We also believe it is likely that manufacturers may seek FDA approvals for generic, OTC or other competing versions of other of our key pharmaceutical products, either through the filing of ANDAs, through the OTC monograph process or the use of other means.

We are currently dependent on outside manufacturers for the manufacture of a significant amount of our products; therefore, we have and will continue to have limited control of the manufacturing process and related costs. Certain of our manufacturers currently constitute the sole source of one or more of our products.

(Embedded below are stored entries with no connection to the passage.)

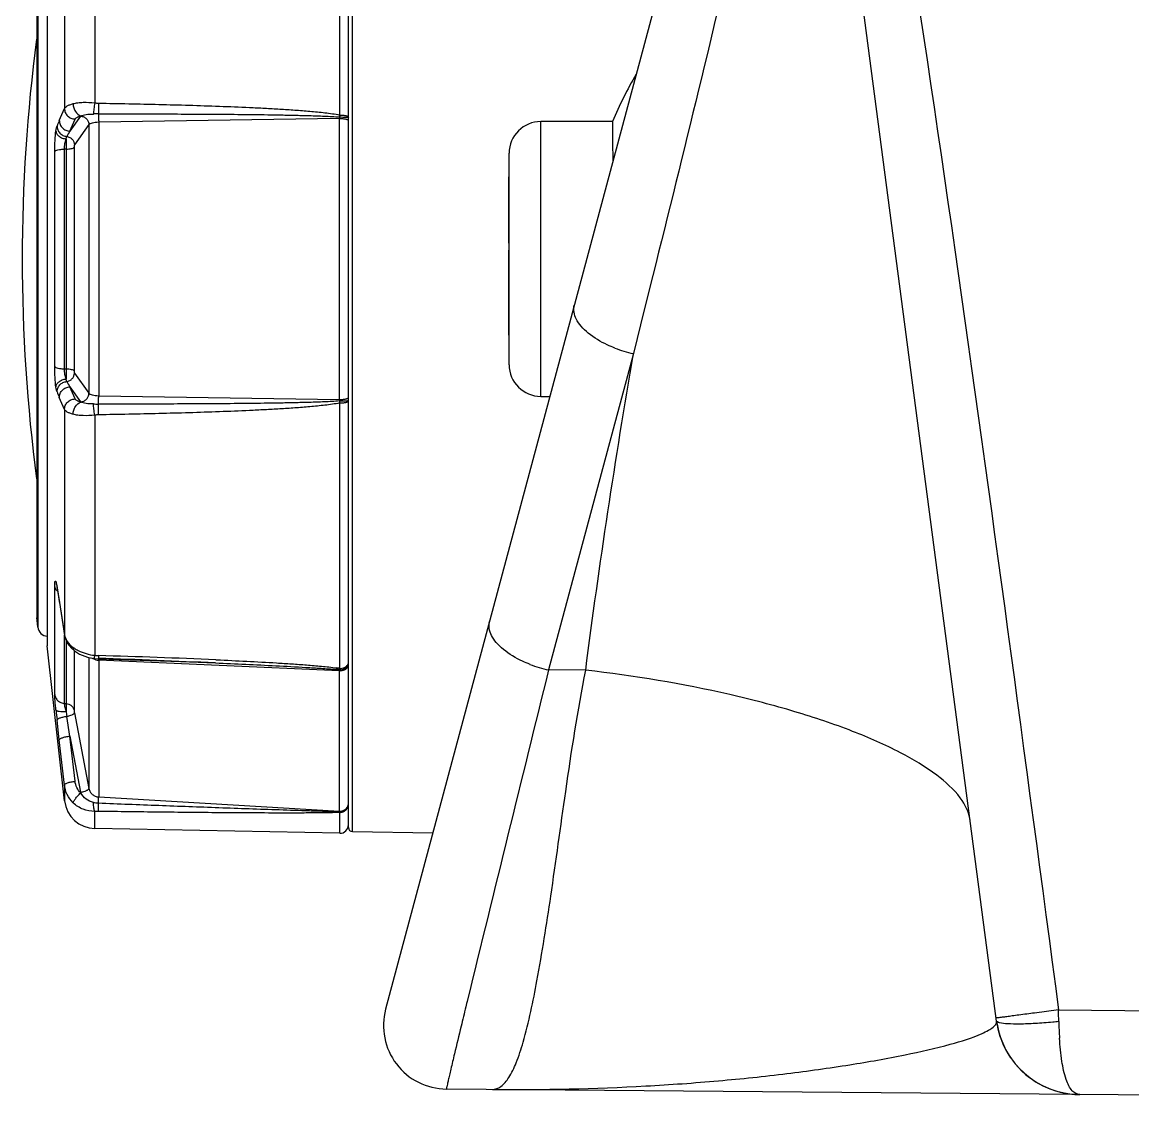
# Model space of a CAD drawing. Header units: millimetres. Extents: x -1538 to 3410, y -1646 to 2016.
# Drawn here: x -1517.2 to -1464.7, y -228.5 to -177.2 of the extents above; entities that cross this region are included whole.
import ezdxf

# ---------------------------------------------------------------- set-up
doc = ezdxf.new("R2010")
doc.units = ezdxf.units.MM
doc.header["$LTSCALE"] = 23.1
doc.layers.get('0').update_dxf_attribs({"linetype": 'CONTINUOUS'})

msp = doc.modelspace()

# ---------------------------------------------------------------- linework, layer by layer
at = {"linetype": 'Continuous'}
for p, q in [((-1480.53, -151.238), (-1500.007, -223.926)), ((-1471.118, -224.486), (-1480.685, -151.815)), ((-1501.766, -215.327), (-1501.766, -161.599)), ((-1501.569, -215.527), (-1501.567, -161.399)), ((-1502.174, -181.634), (-1502.174, -169.076)), ((-1516.006, -170.143), (-1516.006, -206.743)), ((-1513.759, -169.699), (-1513.759, -181.058)), ((-1516.45, -171.032), (-1516.45, -205.854)), ((-1515.191, -170.676), (-1515.191, -181.327)), ((-1516.496, -171.469), (-1516.496, -205.418)), ((-1516.489, -171.347), (-1516.489, -205.54)), ((-1515.437, -181.898), (-1515.191, -181.327)), ((-1514.431, -181.685), (-1514.94, -182.397)), ((-1514.94, -182.397), (-1514.695, -181.825)), ((-1514.037, -182.089), (-1514.725, -183.05)), ((-1514.037, -182.089), (-1514.037, -194.797)), ((-1502.19, -181.799), (-1513.576, -181.979)), ((-1513.576, -181.979), (-1513.576, -194.908)), ((-1502.19, -195.088), (-1502.19, -181.799)), ((-1492.666, -194.943), (-1492.666, -181.943)), ((-1489.282, -181.943), (-1492.666, -181.943)), ((-1515.111, -183.247), (-1515.19, -183.249)), ((-1515.19, -193.638), (-1515.19, -183.249)), ((-1515.111, -183.247), (-1515.111, -193.64)), ((-1514.743, -183.17), (-1514.743, -193.717)), ((-1515.655, -193.533), (-1515.655, -183.354)), ((-1494.166, -193.442), (-1494.166, -183.443)), ((-1494.176, -187.7), (-1494.176, -184.554)), ((-1494.166, -184.554), (-1494.176, -184.554)), ((-1494.166, -184.6), (-1494.176, -184.6)), ((-1494.166, -187.3), (-1494.176, -187.3)), ((-1494.166, -187.7), (-1494.176, -187.7)), ((-1494.176, -190.234), (-1494.176, -188.033)), ((-1494.166, -188.033), (-1494.176, -188.033)), ((-1494.166, -188.098), (-1494.176, -188.098)), ((-1494.166, -189.15), (-1494.176, -189.15)), ((-1487.37, -189.224), (-1487.775, -190.849)), ((-1494.166, -190.164), (-1494.176, -190.164)), ((-1494.176, -192.054), (-1494.176, -190.254)), ((-1494.166, -190.254), (-1494.176, -190.254)), ((-1487.775, -190.849), (-1488.293, -192.917)), ((-1494.166, -191.654), (-1494.176, -191.654)), ((-1494.166, -192.054), (-1494.176, -192.054)), ((-1488.293, -192.917), (-1492.302, -207.88)), ((-1515.19, -193.638), (-1515.111, -193.64)), ((-1514.725, -193.837), (-1514.037, -194.797)), ((-1514.695, -195.062), (-1514.94, -194.49)), ((-1514.94, -194.49), (-1514.431, -195.202)), ((-1515.191, -195.56), (-1515.437, -194.988)), ((-1513.576, -194.908), (-1502.19, -195.088)), ((-1502.174, -207.81), (-1502.174, -195.253)), ((-1492.666, -194.943), (-1492.241, -194.943)), ((-1515.191, -195.56), (-1515.191, -206.21)), ((-1513.759, -195.829), (-1513.759, -207.188)), ((-1515.597, -203.717), (-1515.573, -203.841)), ((-1515.655, -209.041), (-1515.655, -203.951)), ((-1515.573, -203.841), (-1515.573, -203.841)), ((-1515.55, -203.951), (-1515.542, -204.001)), ((-1515.545, -203.961), (-1515.542, -204.001)), ((-1515.545, -203.961), (-1515.539, -204)), ((-1515.542, -204.001), (-1515.434, -204.687)), ((-1515.539, -204), (-1515.437, -204.648)), ((-1515.437, -204.648), (-1515.434, -204.687)), ((-1515.437, -204.648), (-1515.431, -204.687)), ((-1515.434, -204.687), (-1515.188, -206.25)), ((-1515.431, -204.687), (-1515.191, -206.21)), ((-1516.489, -205.54), (-1516.496, -205.418)), ((-1516.489, -205.54), (-1516.45, -205.854)), ((-1516.45, -205.854), (-1516.489, -205.54)), ((-1515.191, -206.21), (-1515.188, -206.25)), ((-1515.19, -209.467), (-1515.19, -206.242)), ((-1515.188, -206.25), (-1515.16, -206.377)), ((-1515.191, -214.076), (-1516.006, -206.743)), ((-1515.111, -206.486), (-1515.111, -209.471)), ((-1514.866, -206.855), (-1514.717, -206.981)), ((-1514.743, -206.959), (-1514.743, -209.785)), ((-1514.718, -206.981), (-1514.717, -206.981)), ((-1514.037, -207.288), (-1514.037, -213.492)), ((-1513.814, -207.335), (-1513.814, -207.335)), ((-1513.608, -207.354), (-1511.615, -207.415)), ((-1513.585, -207.203), (-1513.59, -207.354)), ((-1513.59, -207.354), (-1513.59, -207.354)), ((-1513.576, -207.423), (-1513.576, -213.887)), ((-1502.19, -207.915), (-1513.576, -207.423)), ((-1511.615, -207.415), (-1509.689, -207.483)), ((-1508.044, -207.399), (-1507.995, -207.402)), ((-1509.689, -207.483), (-1508.05, -207.549)), ((-1502.19, -214.56), (-1502.19, -207.915)), ((-1490.548, -207.896), (-1492.302, -207.88)), ((-1515.19, -209.467), (-1515.111, -209.471)), ((-1514.725, -209.908), (-1514.037, -213.492)), ((-1515.437, -211.193), (-1515.545, -210.251)), ((-1514.94, -211.01), (-1515.087, -210.075)), ((-1514.695, -213.144), (-1514.94, -211.01)), ((-1514.94, -211.01), (-1514.431, -213.665)), ((-1515.191, -213.327), (-1515.437, -211.193)), ((-1515.191, -213.327), (-1515.191, -214.076)), ((-1513.576, -213.887), (-1502.19, -214.56)), ((-1513.759, -215.383), (-1513.759, -214.573)), ((-1502.19, -214.586), (-1502.19, -214.56)), ((-1502.174, -215.606), (-1502.174, -214.62)), ((-1502.174, -215.606), (-1513.759, -215.383)), ((-1501.569, -215.527), (-1497.771, -215.583)), ((-1468.189, -223.955), (-1469.319, -224.106)), ((-1468.189, -223.955), (-1412.166, -224.444)), ((-1406.284, -228.495), (-1497.135, -227.702))]:
    msp.add_line(p, q, dxfattribs=at)
for points in [[(-1515.573, -203.84), (-1515.574, -203.839), (-1515.57, -203.852), (-1515.562, -203.89), (-1515.55, -203.951)], [(-1515.16, -206.377), (-1515.048, -206.629), (-1514.866, -206.855)], [(-1514.718, -206.981), (-1514.476, -207.127), (-1514.099, -207.275), (-1513.814, -207.335)], [(-1513.814, -207.335), (-1513.764, -207.342), (-1513.608, -207.354)]]:
    msp.add_lwpolyline(points, dxfattribs=at)
for centre, radius, start, end in [((-1437.192, -188.443), 80, 172.52774, 187.47226), ((-1470.869, -189.751), 20, 149.8515, 157.0216), ((-1514.336, -181.753), 0.117, 139.1931, 144.3254), ((-1513.422, -207.339), 25.756, 90.3734, 90.9046), ((-1492.216, -183.412), 10.115, 169.8725, 170.4109), ((-1482.191, -196.166), 36.177, 156.7735, 157.212), ((-1495.698, -181.805), 6.492, 179.3111, 179.9441), ((-1492.666, -183.443), 1.5, 90, 180), ((-1454.86, -217.696), 69.682, 149.5641, 149.80364), ((-1487.023, -187.067), 5.987, 248.9833, 257.7566), ((-1492.666, -193.443), 1.5, 180, 270), ((-1454.861, -159.192), 69.681, 210.19636, 210.4359), ((-1482.546, -180.872), 35.792, 202.7857, 203.2288), ((-1514.336, -195.133), 0.117, 215.6777, 220.8075), ((-1513.442, -171.378), 23.926, 269.0755, 269.6473), ((-1495.695, -195.081), 6.496, 180.0561, 180.6887), ((-1492.086, -193.452), 10.247, 189.5923, 190.1238), ((-1517.465, -204.215), 1.935, 11.298, 11.9641), ((-1515.954, -205.793), 0.5, 187, 263.8665), ((-1514.459, -206.094), 0.742, 189.002, 191.9128), ((-1513.548, -206.733), 0.69, 256.8224, 265.7256), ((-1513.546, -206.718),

Third party manufacturers currently manufacture a significant amount of our products pursuant to contractual arrangements. Certain of our manufacturers currently constitute the sole source of our products. For example, Teikoku Seiyaku Co., Ltd. is our sole source of LIDODERM^® and GlaxoSmithKline plc is our sole source of VOLTAREN^® Gel. Because of contractual restraints and the lead-time necessary to obtain FDA approval and/or Drug Enforcement Agency registration of a new manufacturer, there are no readily accessible alternatives to these manufacturers and replacement of any of these manufacturers may be expensive and time consuming and may cause interruptions in our supply of products to customers. Our business and financial viability are dependent on these third party manufacturers for continued manufacture of our products, the continued regulatory compliance of these manufacturers and the strength, validity and terms of our various contracts with these manufacturers. Any interruption or failure by these manufacturers to meet their obligations pursuant to various agreements with us on schedule or in accordance with our expectations, or any termination by these manufacturers of our supply arrangements, which, in each case, could be the result of one or many factors outside of our control, could delay or prevent our ability to achieve sales expectations, cause interruptions in our supply of products to customers, cause us to incur failure-to-supply penalties, disrupt our operations or cause reputational harm to our company, any or all of which could have a material adverse effect on our business, financial condition, results of operations and cash flows.